American software company

Accusoft is an American software company headquartered in Tampa, Florida. It was founded in 1991 as Pegasus Imaging, by Jack Berlin. In July 2025, Accusoft was acquired by US document-technology company Apryse.

Currently, the company provides imaging software development kits (SDKs) and applications for multiple platforms and development environments, including iOS, Android, .NET, Silverlight, ASP.NET, ActiveX, Java, Linux, Solaris, macOS, and IBM AIX.

Distribution of products is worldwide through various partners, resellers, and distributors.

== History ==
Accusoft was originally founded as Pegasus Imaging in 1991. It was established by Jack Berlin, who is the CEO and President. In 1997, it acquired Imaging, Barcode, OCR, and ICR companies. TMS Sequoia, a competitor that offered document image cleanup technology, was acquired in 2004.

In December 2008, Accusoft was acquired, adding additional imaging products, including ImageGear. Three weeks later, the acquisition of Tasman Software was announced, adding Java and Java ME Barcode technology. During March 2009, Pegasus Imaging was rebranded to Accusoft Pegasus.

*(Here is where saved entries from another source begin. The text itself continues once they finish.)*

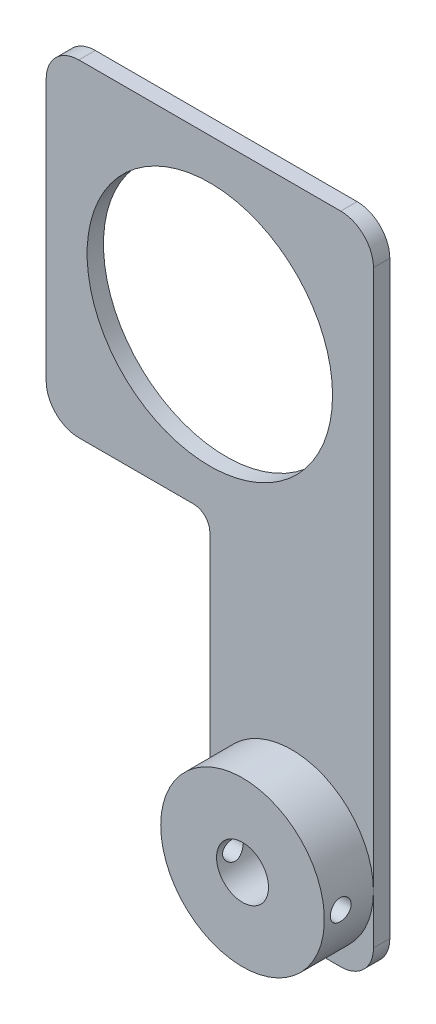
SolidWorks part; units mm, degrees
ref_plane "Alzado" through (0, 0, 0) normal (0, 0, 1) x (1, 0, 0)
ref_plane "Planta" through (0, 0, 0) normal (0, 1, 0) x (1, 0, 0)
ref_plane "Vista lateral" through (0, 0, 0) normal (1, 0, 0) x (0, 0, -1)
sketch "Croquis1" plane through (0, 0, 0) normal (0, 0, 1) x (1, 0, 0)
  line L0 (-5, 0) -> (-40, 0)
  line L1 (40, -100) -> (10, -100)
  line L2 (50, -90) -> (50, 90)
  line L3 (40, 100) -> (-40, 100)
  line L4 (-50, 10) -> (-50, 90)
  line L5 (50, -100) -> (-50, 100) construction
  line L6 (50, 100) -> (0, 0) construction
  line L7 (0, -5) -> (0, -90)
  line L8 (0, 100) -> (0, 0) construction
  arc A0 (-40, 100) -> (-50, 90) centre (-40, 90) ccw
  arc A1 (40, -100) -> (50, -90) centre (40, -90) ccw
  arc A2 (50, 90) -> (40, 100) centre (40, 90) ccw
  circle A3 centre (0, 50) radius 37.5
  arc A4 (0, -90) -> (10, -100) centre (10, -90) ccw
  arc A5 (-40, 0) -> (-50, 10) centre (-40, 10) cw
  arc A7 (0, -5) -> (-5, 0) centre (-5, -5) ccw
  point P0 (0, 0)
  dimension "D3" = 10
  dimension "D4" = 75
  dimension "D5" = 10
  dimension "D7" = 5
  dimension "D1" = 200
  dimension "D2" = 100
extrude "Saliente-Extruir1" add sketch "Croquis1" along normal blind 5
sketch "Croquis2" plane through (0, 0, 0) normal (0, 0, -1) x (-1, 0, 0)
  line L0 (0, -5) -> (0, -90) construction
  line L1 (-50, -100) -> (0, -100) construction
  line L2 (-50, -100) -> (-50, -50) construction
  line L3 (-50, -50) -> (0, -50) construction
  line L4 (0, -100) -> (0, -50) construction
  circle A0 centre (-25, -75) radius 25
  circle A1 centre (-25, -75) radius 7.9375
  dimension "D2" = 15.875
  dimension "D1" = 50
extrude "Saliente-Extruir2" add sketch "Croquis2" against normal blind 20
sketch "Croquis3" plane through (0, 0, 0) normal (1, 0, 0) x (0, 0, -1)
  line L0 (0, -75) -> (-5, -75) construction
  line L1 (0, -5) -> (0, -90) construction
  line L2 (-2.5, -75) -> (-2.5, -68.8394) construction
  circle A0 centre (10, -75) radius 3.175
  circle A1 centre (-15, -75) radius 3.175
  dimension "D1" = 6.35
extrude "Cortar-Extruir2" cut sketch "Croquis3" along normal blind 65
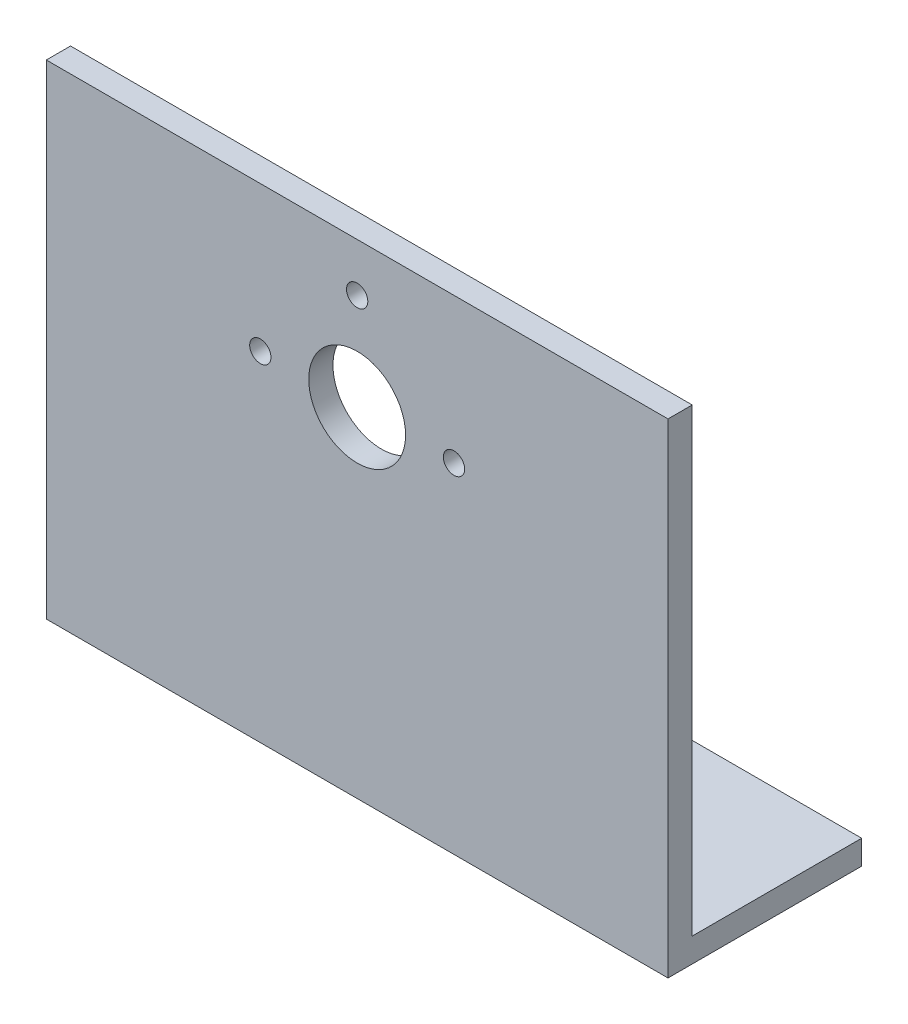
SolidWorks part; units mm, degrees
ref_plane "Front Plane" through (0, 0, 0) normal (0, 0, 1) x (1, 0, 0)
ref_plane "Top Plane" through (0, 0, 0) normal (0, 1, 0) x (1, 0, 0)
ref_plane "Right Plane" through (0, 0, 0) normal (1, 0, 0) x (0, 0, -1)
sketch "Sketch1" plane through (0, 0, 0) normal (0, 0, 1) x (1, 0, 0)
  line L1 (40.7658, 19.05) -> (-40.7658, 19.05)
  line L2 (40.7658, 19.05) -> (40.7658, -44.45)
  line L3 (40.7658, -44.45) -> (-40.7658, -44.45)
  line L4 (-40.7658, 19.05) -> (-40.7658, -44.45)
  circle A0 centre (0, 0) radius 6.35
  circle A1 centre (0, 12.7) radius 1.397
  circle A2 centre (-12.7, 0) radius 1.397
  circle A3 centre (12.7, 0) radius 1.397
  point P0 (0, 0)
extrude "Boss-Extrude1" add sketch "Sketch1" along normal blind 3.175
sketch "Sketch2" plane through (0, 0, 0) normal (0, 0, -1) x (-1, 0, 0)
  line L0 (40.7658, 19.05) -> (40.7658, -44.45) construction
  line L1 (-40.7658, -44.45) -> (40.7658, -44.45)
  line L2 (-40.7658, -44.45) -> (-40.7658, -41.275)
  line L3 (-40.7658, -41.275) -> (40.7658, -41.275)
  line L4 (40.7658, -44.45) -> (40.7658, -41.275)
extrude "Boss-Extrude2" add sketch "Sketch2" along normal blind 22.225
sketch "Sketch3" plane through (0, -41.275, 0) normal (0, 1, 0) x (1, 0, 0)
  circle A0 centre (-19.05, 17.78) radius 1.397
  circle A1 centre (19.05, 17.78) radius 1.397
extrude "Cut-Extrude1" cut sketch "Sketch3" against normal blind 3175

On October 3, 2011, Adeptol was acquired, adding viewing technology to existing viewing product offerings. On February 21, 2012, Accusoft Pegasus was rebranded as Accusoft.

In 2022, Accusoft made its fourth and largest acquisition with Snowbound for an undisclosed amount, which will expand Accusoft's product portfolio to include document viewing and conversion software development kit solutions.